She went down to the horse to check on it and curry it and in her head there was a strange wistfulness that she did not have a horse of her own and had not ridden for years
.

It was a beautiful day, but cold, one of those false starts of spring
.

They were looking after the horse for a friend who was having a rough time and going through a divorce and had nowhere to paddock the horse and the horse had just arrived and had hardly made a dent in grazing the field
.

The horse was a placid horse but horses are great, instinctive animals and the mare seemed to have sensed the disquiet in her owner and was recently uncharacteristic
.

It was towards sundown but there was an hour of light left, especially on such a clear day, and when she got into the field the horse was watering at the pond
.

Most horses locally were cobs, but this was a hunter and was higher and more gymnastic
.

She walked to the horse, calling it, and began to pat its flank and the horse shook the water from its head and walked up from the pond with her
.

Beyond the pond, over the trees, the rooks were circling into a ministry and she watched them as they called and circled and she curried the horse. The horse seemed annoyed and took a few steps away and she followed it but stopped and looked for a while at the farm a few hundred yards off and thought of what was inside her. She felt a great feeling of wealth and happiness go richly and simply through her. And then the horse kicked her
.

That was her. She had no thought, and was just dimly aware of the world shutting off before her
.

Her brain was dead by the time he got to her and really it was just her body systematically following that he watched
.

He carried her the four hundred yards to the house but then turned and laid her down in the barn. He thought she would be furious if he brought her bleeding into the house
.

When the doctor came, her head was hemorrhaged into aubergine. The hoof had struck her with the force of a bowling ball traveling at eighty miles per hour and the right side of her cranium was crushed. An x-ray would have looked like broken plasterboard
.

The old doctor persuaded him to come in to the house and they waited for the ambulance to come and take her body. He had known them both since they were children and had no small amount of grief and anger at this and they sat with a hopeless passivity at the thing which had happened
.

The old doctor was at his desk when he received the coroner's report a few days after. It said in empty scientific language how the hoof had fractured the skull casing and killed the brain. It also said at the bottom of the page that routine tests
revealed that she was pregnant. The doctor fought with this information over and over
.

He did not know that she had felt this change inside herself, as if she had felt this collision of genes and was sure she knew, had there with the horse that afternoon looked back at the farm and felt this impossible love for it and for her husband and the great rightness of it. He doesn't need to know it now, she had decided, not with lambing coming up. I don't need to test yet. I know. I am sure of it. But I will wait. He will get protective when he knows. Afterwards is better. And she felt girlish with the warm secret of it
.

After the funeral in the little church above the farm the doctor carried this information, fighting hard not to just expel the poisonous knowledge of it. As a man of science he had long lived with a solid reverence to the facts.
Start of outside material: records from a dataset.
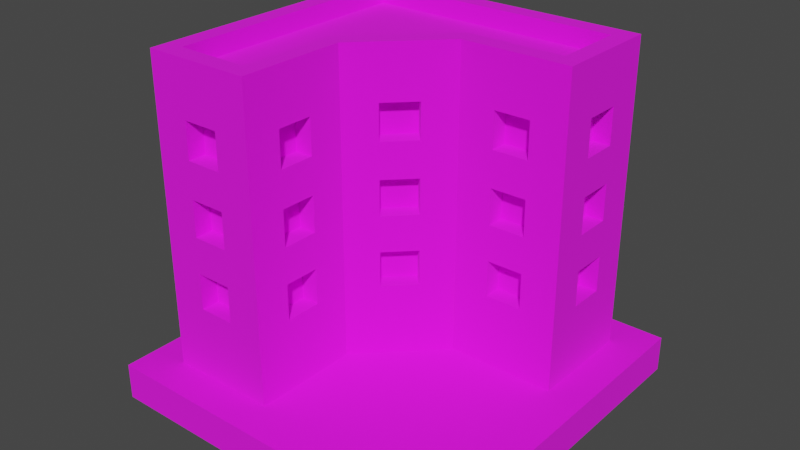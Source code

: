 # Source: Building_8_Base_Brown_.blend  (saved by Blender 3.3.6; exported with 4.5.12 LTS)
import bpy
from mathutils import Matrix  # noqa: F401  (used for matrix-valued properties, if any)

bpy.ops.wm.read_factory_settings(use_empty=True)
scene = bpy.context.scene
scene.name = 'Scene'

# ---- collections
col_collection = bpy.data.collections.new('Collection'); scene.collection.children.link(col_collection)

# ---- images (referenced by path relative to the original .blend; pixels are not part of the script)
import os
ASSET_DIR = os.environ.get("B2B_ASSET_DIR", "")  # directory of the original .blend (textures are referenced by path, not embedded)
HERE = os.path.dirname(os.path.abspath(__file__))  # packed textures are extracted next to this script under _unpacked/

def load_image(name, relpath, width, height, colorspace="sRGB"):
    """Load a texture the original file referenced (path relative to the .blend, or extracted next to this script)."""
    p = next((c for c in (os.path.join(HERE, relpath), os.path.join(ASSET_DIR, relpath)) if relpath and os.path.exists(c)), "")
    if p:
        img = bpy.data.images.load(p, check_existing=True)
        img.name = name
    else:  # same state as the original file: an image datablock whose file is absent (Cycles renders it pink)
        img = bpy.data.images.new(name, width, height)
        img.source = "FILE"
        img.filepath = "//" + (relpath or name)
    img.colorspace_settings.name = colorspace
    return img
img_color_png = load_image('Color.png', 'Color.png', 1024, 1024, 'sRGB')

# ---- materials (node trees are filled in below, after node groups)
mat_texture = bpy.data.materials.new('Texture')
mat_texture.use_transparent_shadow = False

# ---- material node trees
mat_texture.use_nodes = True; mat_texture.node_tree.nodes.clear()
_N = mat_texture.node_tree.nodes; _L = mat_texture.node_tree.links
n0 = _N.new('ShaderNodeBsdfPrincipled'); n0.name = 'Principled BSDF'; n0.location = (10, 300)
n0.distribution = 'GGX'
n0.subsurface_method = 'RANDOM_WALK_SKIN'
n0.inputs[2].default_value = 1.0
n0.inputs[3].default_value = 1.45
n0.inputs[27].default_value = (0.0, 0.0, 0.0, 1.0)
n0.inputs[28].default_value = 1.0
n1 = _N.new('ShaderNodeOutputMaterial'); n1.name = 'Material Output'; n1.location = (300, 300)
n2 = _N.new('ShaderNodeTexImage'); n2.name = 'Image Texture'; n2.location = (-280, 280)
n2.image = img_color_png
_L.new(n0.outputs[0], n1.inputs[0])
_L.new(n2.outputs[0], n0.inputs[0])
n1.is_active_output = True

# ---- world
world_world = bpy.data.worlds.new('World'); scene.world = world_world
world_world.use_nodes = True; world_world.node_tree.nodes.clear()
_N = world_world.node_tree.nodes; _L = world_world.node_tree.links
n0 = _N.new('ShaderNodeOutputWorld'); n0.name = 'World Output'; n0.location = (300, 300)
n1 = _N.new('ShaderNodeBackground'); n1.name = 'Background'; n1.location = (10, 300)
n1.inputs[0].default_value = (0.05088, 0.05088, 0.05088, 1.0)
_L.new(n1.outputs[0], n0.inputs[0])
n0.is_active_output = True
world_world.color = (0.05088, 0.05088, 0.05088)
world_world.use_sun_shadow = False
world_world.sun_shadow_jitter_overblur = 0.0

# ---- meshes
me_cube_209 = bpy.data.meshes.new('Cube.209')
me_cube_209.from_pydata([(-0.8, -0.8, 0.2), (0.4, 0.3, 0.6), (-0.7, -0.7, 1.8), (0.4, 0.3, 0.8), (-0.8, 0.8, 0.2), (-0.7, 0.7, 1.8), (0.8, 0.8, 0.2), (0.6, 0.3, 0.6), (0.7, 0.7, 1.8), (-0.2, -0.8, 0.2), (0.6, 0.3, 0.8), (-0.3, -0.7, 1.8), (0.8, 0.2, 0.2), (0.4, 0.3, 1.4), (0.7, 0.3, 1.8), (-0.3, -0.1586, 1.8), (0.4, 0.3, 1.6), (-0.2, -0.2, 0.2), (0.1586, 0.3, 1.8), (0.6, 0.3, 1.4), (0.2, 0.2, 0.2), (0.6, 0.3, 1.6), (-0.8, 0.8, 1.8), (0.8, 0.8, 1.8), (0.4, 0.3, 1.0), (-0.2, -0.8, 1.8), (-0.8, -0.8, 1.8), (0.4, 0.3, 1.2), (-0.2, -0.2, 1.8), (0.8, 0.2, 1.8), (0.6, 0.3, 1.0), (0.2, 0.2, 1.8), (-0.8, 0.8, 1.9), (0.8, 0.8, 1.9), (0.6, 0.3, 1.2), (-0.2, -0.8, 1.9), (-0.8, -0.8, 1.9), (-0.6, -0.7, 0.6), (-0.2, -0.2, 1.9), (-0.6, -0.7, 0.8), (0.8, 0.2, 1.9), (0.2, 0.2, 1.9), (-0.4, -0.7, 0.6), (-0.7, 0.7, 1.9), (0.7, 0.7, 1.9), (-0.4, -0.7, 0.8), (-0.3, -0.7, 1.9), (-0.7, -0.7, 1.9), (-0.6, -0.7, 1.4), (-0.3, -0.1586, 1.9), (0.7, 0.3, 1.9), (-0.6, -0.7, 1.6), (0.1586, 0.3, 1.9), (-0.4, -0.7, 1.4), (-0.4, -0.7, 1.6), (-0.6, -0.7, 1.0), (-0.6, -0.7, 1.2), (-0.4, -0.7, 1.0), (-0.4, -0.7, 1.2), (-0.3, -0.4, 0.6), (-0.3, -0.6, 0.6), (-0.3, -0.4, 0.8), (-0.3, -0.6, 0.8), (-0.3, -0.4, 1.4), (-0.3, -0.6, 1.4), (-0.3, -0.4, 1.6), (-0.3, -0.6, 1.6), (-0.3, -0.4, 1.0), (-0.3, -0.6, 1.0), (-0.3, -0.4, 1.2), (-0.3, -0.6, 1.2), (-0.1414, -8.941e-08, 0.6), (-0.1414, -1.49e-07, 0.8), (1.52e-06, 0.1414, 0.6), (8.941e-07, 0.1414, 0.8), (-0.1414, -6.855e-07, 1.4), (-0.1414, -7.302e-07, 1.6), (2.086e-06, 0.1414, 1.4), (1.46e-06, 0.1414, 1.6), (-0.1414, -4.023e-07, 1.0), (-0.1414, -4.47e-07, 1.2), (1.818e-06, 0.1414, 1.0), (1.192e-06, 0.1414, 1.2), (-0.7, -0.3, 0.6), (-0.7, -0.5, 0.6), (-0.7, -0.3, 0.8), (-0.7, -0.5, 0.8), (-0.7, -0.3, 1.4), (-0.7, -0.5, 1.4), (-0.7, -0.3, 1.6), (-0.7, -0.5, 1.6), (-0.7, -0.3, 1.0), (-0.7, -0.5, 1.0), (-0.7, -0.3, 1.2), (-0.7, -0.5, 1.2), (-0.7, 0.1, 0.6), (-0.7, -0.1, 0.6), (-0.7, 0.1, 0.8), (-0.7, -0.1, 0.8), (-0.7, 0.1, 1.4), (-0.7, -0.1, 1.4), (-0.7, 0.1, 1.6), (-0.7, -0.1, 1.6), (-0.7, 0.1, 1.0), (-0.7, -0.1, 1.0), (-0.7, 0.1, 1.2), (-0.7, -0.1, 1.2), (-0.7, 0.5, 0.6), (-0.7, 0.3, 0.6), (-0.7, 0.5, 0.8), (-0.7, 0.3, 0.8), (-0.7, 0.5, 1.4), (-0.7, 0.3, 1.4), (-0.7, 0.5, 1.6), (-0.7, 0.3, 1.6), (-0.7, 0.5, 1.0), (-0.7, 0.3, 1.0), (-0.7, 0.5, 1.2), (-0.7, 0.3, 1.2), (-0.5, 0.7, 0.6), (-0.5, 0.7, 0.8), (-0.3, 0.7, 0.6), (-0.3, 0.7, 0.8), (-0.5, 0.7, 1.4), (-0.5, 0.7, 1.6), (-0.3, 0.7, 1.4), (-0.3, 0.7, 1.6), (-0.5, 0.7, 1.0), (-0.5, 0.7, 1.2), (-0.3, 0.7, 1.0), (-0.3, 0.7, 1.2), (-0.1, 0.7, 0.6), (-0.1, 0.7, 0.8), (0.1, 0.7, 0.6), (0.1, 0.7, 0.8), (-0.1, 0.7, 1.4), (-0.1, 0.7, 1.6), (0.1, 0.7, 1.4), (0.1, 0.7, 1.6), (-0.1, 0.7, 1.0), (-0.1, 0.7, 1.2), (0.1, 0.7, 1.0), (0.1, 0.7, 1.2), (0.3, 0.7, 0.6), (0.3, 0.7, 0.8), (0.5, 0.7, 0.6), (0.5, 0.7, 0.8), (0.3, 0.7, 1.4), (0.3, 0.7, 1.6), (0.5, 0.7, 1.4), (0.5, 0.7, 1.6), (0.3, 0.7, 1.0), (0.3, 0.7, 1.2), (0.5, 0.7, 1.0), (0.5, 0.7, 1.2), (0.7, 0.6, 0.6), (0.7, 0.4, 0.6), (0.7, 0.6, 0.8), (0.7, 0.4, 0.8), (0.7, 0.6, 1.4), (0.7, 0.4, 1.4), (0.7, 0.6, 1.6), (0.7, 0.4, 1.6), (0.7, 0.6, 1.0), (0.7, 0.4, 1.0), (0.7, 0.6, 1.2), (0.7, 0.4, 1.2), (-0.6, -0.8, 1.4), (-0.6, -0.8, 1.6), (-0.5, -0.8, 1.2), (-0.5, -0.8, 1.0), (-0.5, -0.8, 1.4), (-0.4, -0.8, 0.8), (-0.4, -0.8, 1.0), (-0.4, -0.8, 1.4), (-0.4, -0.8, 1.2), (-0.4, -0.8, 1.6), (-0.6, -0.8, 0.6), (-0.6, -0.8, 0.8), (-0.6, -0.8, 1.0), (-0.6, -0.8, 1.2), (-0.4, -0.8, 0.6), (-0.5, -0.8, 0.8), (-0.8, -0.5, 1.0), (-0.8, -0.5, 1.4), (-0.8, -0.5, 1.6), (-0.8, -0.5, 0.6), (-0.8, -0.5, 0.8), (-0.8, -0.5, 1.2), (-0.8, -0.3, 0.8), (-0.8, -0.3, 1.0), (-0.8, -0.3, 1.2), (-0.8, -0.3, 1.4), (-0.8, -0.3, 1.6), (-0.8, 0.1, 1.4), (-0.8, -0.1, 1.0), (-0.8, 5.96e-08, 1.0), (-0.8, -0.1, 1.2), (-0.8, -0.1, 1.4), (-0.8, -0.1, 1.6), (-0.8, 0.5, 1.6), (-0.8, 0.1, 1.2), (-0.8, 0.3, 1.4), (-0.8, 0.3, 1.6), (-0.8, 0.1, 1.6), (-0.8, -0.3, 0.6), (-0.8, -0.1, 0.6), (-0.8, -0.1, 0.8), (-0.8, 0.1, 0.8), (-0.8, 8.494e-07, 0.8), (-0.8, 0.1, 1.0), (-0.8, 0.3, 1.0), (-0.8, 0.3, 1.2), (-0.8, 0.1, 0.6), (-0.8, 0.5, 1.4), (-0.8, 0.3, 0.6), (-0.8, 0.3, 0.8), (-0.8, 0.5, 0.6), (-0.8, 0.5, 0.8), (-0.8, 0.5, 1.0), (-0.8, 0.5, 1.2), (-0.5, 0.8, 0.8), (-0.5, 0.8, 0.6), (-0.5, 0.8, 1.0), (-0.5, 0.8, 1.2), (-0.5, 0.8, 1.4), (-0.5, 0.8, 1.6), (-0.3, 0.8, 0.8), (-0.3, 0.8, 1.0), (-0.3, 0.8, 1.2), (-0.3, 0.8, 1.4), (-0.3, 0.8, 1.6), (0.1, 0.8, 1.2), (-0.1, 0.8, 1.0), (5.96e-08, 0.8, 1.0), (-0.1, 0.8, 1.2), (-0.1, 0.8, 1.4), (-0.1, 0.8, 1.6), (0.1, 0.8, 1.4), (0.3, 0.8, 1.6), (0.5, 0.8, 1.6), (0.4, 0.8, 1.4), (0.3, 0.8, 1.4), (0.1, 0.8, 1.6), (-0.1, 0.8, 0.6), (-0.3, 0.8, 0.6), (-0.1, 0.8, 0.8), (0.1, 0.8, 0.8), (8.196e-07, 0.8, 0.8), (0.1, 0.8, 0.6), (0.3, 0.8, 0.8), (0.1, 0.8, 1.0), (0.3, 0.8, 0.6), (0.3, 0.8, 1.0), (0.4, 0.8, 1.2), (0.5, 0.8, 1.0), (0.5, 0.8, 0.6), (0.5, 0.8, 0.8), (0.5, 0.8, 1.2), (0.5, 0.8, 1.4), (0.3, 0.8, 1.2), (0.8, 0.4, 1.4), (0.8, 0.4, 1.6), (0.8, 0.5, 1.2), (0.8, 0.5, 1.4), (0.8, 0.6, 0.8), (0.8, 0.6, 1.0), (0.8, 0.6, 1.2), (0.8, 0.6, 1.4), (0.8, 0.6, 1.6), (0.8, 0.4, 1.0), (0.8, 0.4, 0.6), (0.8, 0.4, 0.8), (0.8, 0.4, 1.2), (0.8, 0.6, 0.6), (-0.2, -0.6, 1.0), (-0.2, -0.6, 0.6), (-0.2, -0.6, 0.8), (-0.2, -0.6, 1.2), (-0.2, -0.4, 0.6), (-0.2, -0.6, 1.4), (-0.2, -0.6, 1.6), (-0.2, -0.5, 1.2), (-0.2, -0.5, 1.4), (-0.2, -0.4, 0.8), (-0.2, -0.4, 1.0), (-0.2, -0.4, 1.2), (-0.2, -0.4, 1.4), (-0.2, -0.4, 1.6), (-0.07071, -0.07071, 0.8), (-0.07071, -0.07071, 1.0), (-0.07071, -0.07071, 1.2), (-0.07071, -0.07071, 1.4), (-0.07071, -0.07071, 1.6), (0.07071, 0.07071, 1.4), (0.07071, 0.07071, 1.6), (1.758e-06, 1.758e-06, 1.4), (-7.451e-07, -7.451e-07, 1.2), (-0.07071, -0.07071, 0.6), (0.07071, 0.07071, 1.2), (0.07071, 0.07071, 1.0), (0.07071, 0.07071, 0.6), (0.07071, 0.07071, 0.8), (0.4, 0.2, 0.6), (0.4, 0.2, 0.8), (0.4, 0.2, 1.0), (0.4, 0.2, 1.2), (0.6, 0.2, 0.6), (0.5, 0.2, 0.8), (0.5, 0.2, 1.0), (0.4, 0.2, 1.4), (0.4, 0.2, 1.6), (0.5, 0.2, 1.2), (0.5, 0.2, 1.4), (0.6, 0.2, 0.8), (0.6, 0.2, 1.0), (0.6, 0.2, 1.4), (0.6, 0.2, 1.2), (0.6, 0.2, 1.6), (1.0, 1.0, 0.2), (1.0, 1.0, 0.0), (1.0, -1.0, 0.2), (1.0, -1.0, 0.0), (-1.0, 1.0, 0.2), (-1.0, 1.0, 0.0), (-1.0, -1.0, 0.2), (-1.0, -1.0, 0.0)], [], [(14, 8, 5, 2, 11, 15, 18), (172, 181, 177, 178, 179, 180, 169, 171, 167, 168, 26, 0, 9, 25, 176, 174, 175, 173, 170, 182), (175, 174, 171, 169), (176, 25, 26, 168), (182, 170, 179, 178), (190, 189, 187, 183), (22, 4, 0, 26, 185, 184, 188, 183, 187, 186, 205, 189, 190, 191, 197, 195, 196, 209, 207, 206, 213, 208, 210, 211, 216, 215, 217, 218, 219, 220, 214, 200), (194, 201, 197, 198), (197, 191, 188, 184, 192, 193, 185, 26, 22, 200, 203, 202, 214, 220, 212, 211, 210, 201, 194, 204, 199, 198), (210, 208, 209, 196), (218, 216, 211, 219), (229, 224, 225, 230), (223, 228, 227, 221), (235, 233, 234, 248, 246, 244, 249, 247, 251, 253, 250, 252, 256, 257, 255, 258, 254, 241, 259, 240, 23, 6, 4, 22, 226, 225, 224, 223, 221, 222, 245, 227, 228, 229, 230, 236, 238, 232), (236, 230, 231, 226, 22, 23, 240, 239, 242, 241, 254, 260, 253, 251, 232, 238, 243, 237), (248, 234, 251, 247), (255, 257, 250, 253), (261, 262, 29, 12, 6, 23, 269, 268, 267, 266, 265, 274, 271, 272, 270, 273, 263, 264), (265, 266, 270, 272), (264, 263, 267, 268), (269, 23, 29, 262), (275, 277, 284, 285), (281, 25, 9, 17, 28, 288, 287, 286, 285, 284, 279, 276, 277, 275, 278, 282, 283, 280), (283, 282, 286, 287), (288, 28, 25, 281), (293, 28, 17, 20, 31, 295, 294, 296, 297, 299, 300, 302, 301, 298, 289, 290, 291, 292), (295, 31, 28, 293), (297, 296, 292, 291), (302, 300, 290, 289), (309, 308, 314, 307, 303, 304, 305, 306, 312, 313, 310, 311, 31, 20, 12, 29, 318, 316, 317, 315), (308, 309, 305, 304), (317, 316, 313, 312), (318, 29, 31, 311), (31, 29, 40, 41), (14, 18, 52, 50), (29, 23, 33, 40), (28, 31, 41, 38), (23, 22, 32, 33), (8, 14, 50, 44), (22, 26, 36, 32), (43, 44, 33, 32), (46, 47, 36, 35), (49, 46, 35, 38), (44, 50, 40, 33), (50, 52, 41, 40), (47, 43, 32, 36), (52, 49, 38, 41), (2, 5, 43, 47), (18, 15, 49, 52), (26, 25, 35, 36), (5, 8, 44, 43), (25, 28, 38, 35), (11, 2, 47, 46), (15, 11, 46, 49), (303, 1, 3, 304), (308, 304, 3, 10, 314), (314, 10, 7, 307), (307, 7, 1, 303), (3, 1, 7, 10), (310, 13, 16, 311), (311, 16, 21, 318), (318, 21, 19, 316), (316, 19, 13, 310, 313), (16, 13, 19, 21), (305, 24, 27, 306), (27, 34, 317, 312, 306), (317, 34, 30, 315), (315, 30, 24, 305, 309), (27, 24, 30, 34), (177, 37, 39, 178), (182, 178, 39, 45, 172), (172, 45, 42, 181), (181, 42, 37, 177), (39, 37, 42, 45), (167, 48, 51, 168), (168, 51, 54, 176), (176, 54, 53, 174), (174, 53, 48, 167, 171), (51, 48, 53, 54), (179, 55, 56, 180), (56, 58, 175, 169, 180), (175, 58, 57, 173), (173, 57, 55, 179, 170), (56, 55, 57, 58), (59, 61, 62, 60), (277, 62, 61, 284), (279, 59, 60, 276), (61, 59, 279, 284), (60, 62, 277, 276), (63, 65, 66, 64), (281, 66, 65, 288), (283, 287, 63, 64, 280), (65, 63, 287, 288), (64, 66, 281, 280), (67, 69, 70, 68), (70, 69, 286, 282, 278), (285, 67, 68, 275), (69, 67, 285, 286), (68, 70, 278, 275), (298, 71, 72, 289), (72, 74, 302, 289), (302, 74, 73, 301), (301, 73, 71, 298), (74, 72, 71, 73), (292, 75, 76, 293), (76, 78, 295, 293), (295, 78, 77, 294), (294, 77, 75, 292, 296), (78, 76, 75, 77), (290, 79, 80, 291), (80, 82, 299, 297, 291), (299, 82, 81, 300), (300, 81, 79, 290), (82, 80, 79, 81), (85, 86, 187, 189), (85, 83, 84, 86), (84, 83, 205, 186), (83, 85, 189, 205), (187, 86, 84, 186), (89, 90, 185, 193), (89, 87, 88, 90), (88, 87, 192, 184), (192, 87, 89, 193), (185, 90, 88, 184), (93, 94, 188, 191), (93, 91, 92, 94), (92, 91, 190, 183), (190, 91, 93, 191), (188, 94, 92, 183), (97, 98, 207, 209, 208), (97, 95, 96, 98), (96, 95, 213, 206), (213, 95, 97, 208), (207, 98, 96, 206), (101, 102, 199, 204), (101, 99, 100, 102), (100, 99, 194, 198), (194, 99, 101, 204), (199, 102, 100, 198), (105, 106, 197, 201), (105, 103, 104, 106), (104, 103, 210, 196, 195), (103, 105, 201, 210), (197, 106, 104, 195), (109, 110, 216, 218), (109, 107, 108, 110), (108, 107, 217, 215), (217, 107, 109, 218), (216, 110, 108, 215), (113, 114, 203, 200), (113, 111, 112, 114), (112, 111, 214, 202), (111, 113, 200, 214), (203, 114, 112, 202), (117, 118, 212, 220), (117, 115, 116, 118), (116, 115, 219, 211), (219, 115, 117, 220), (212, 118, 116, 211), (120, 119, 222, 221), (122, 120, 221, 227), (121, 122, 227, 245), (222, 119, 121, 245), (122, 121, 119, 120), (124, 123, 225, 226), (126, 124, 226, 231), (125, 126, 231, 230), (225, 123, 125, 230), (126, 125, 123, 124), (128, 127, 223, 224), (130, 128, 224, 229), (129, 130, 229, 228), (223, 127, 129, 228), (130, 129, 127, 128), (132, 131, 244, 246), (134, 132, 246, 248, 247), (133, 134, 247, 249), (244, 131, 133, 249), (134, 133, 131, 132), (136, 135, 236, 237), (138, 136, 237, 243), (137, 138, 243, 238), (236, 135, 137, 238), (138, 137, 135, 136), (140, 139, 233, 235), (142, 140, 235, 232), (141, 142, 232, 251), (233, 139, 141, 251, 234), (142, 141, 139, 140), (144, 143, 252, 250), (146, 144, 250, 257), (145, 146, 257, 256), (252, 143, 145, 256), (146, 145, 143, 144), (148, 147, 242, 239), (150, 148, 239, 240), (149, 150, 240, 259), (242, 147, 149, 259, 241), (150, 149, 147, 148), (152, 151, 253, 260), (154, 152, 260, 254, 258), (153, 154, 258, 255), (253, 151, 153, 255), (154, 153, 151, 152), (155, 157, 158, 156), (272, 158, 157, 265), (274, 155, 156, 271), (157, 155, 274, 265), (156, 158, 272, 271), (159, 161, 162, 160), (262, 162, 161, 269), (264, 268, 159, 160, 261), (161, 159, 268, 269), (160, 162, 262, 261), (163, 165, 166, 164), (166, 165, 267, 263, 273), (266, 163, 164, 270), (165, 163, 266, 267), (164, 166, 273, 270), (319, 323, 325, 321), (322, 321, 325, 326), (326, 325, 323, 324), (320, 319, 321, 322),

That they were unemotive objects that had to be navigated, as physical as debris in the road. To view them as this was the only way he could tell someone of cancer, of a blood clot near the brain, of infertility. Facts had to out. And so he went to Daniel with this information and with a need to get it from himself
.

The doctor was in the living room with the older people and went through and found Daniel in the kitchen where most of the others were gathered. That soft magnetism of kitchens. He looked at Daniel. He saw a solidity and stubbornness in the man that worried him. There was a look something like wildness, as if he was in some long suspended moment of anger
waiting to decide on what to bring it down. All this the old doctor saw with futility
.

He doesn't need to know, he thought. He doesn't need to carry this. What good would it do?

The old doctor backed away from Daniel, and stood blankly and stared at his paper plate and squashed up the crumbs of sponge with his forefingers and swallowed them with the horrible fact back down
.

It's better that he doesn't know. Why would he need that knowledge?

chapter two

T
HERE HAD BEEN
a shattering of rain on the roof of the dog shed but it had passed quickly. It was not yet light. Through the door and out through the run the big man could see inland the darkness beginning to thin and go powdery, but the darkness still had body, a closed-ness to it with the passing rain.

The dogs messed around, tumbling over each other as he took the feed bowls. Only Messie stood still and aloof, giving just the odd snap at the other dogs if they played into her space.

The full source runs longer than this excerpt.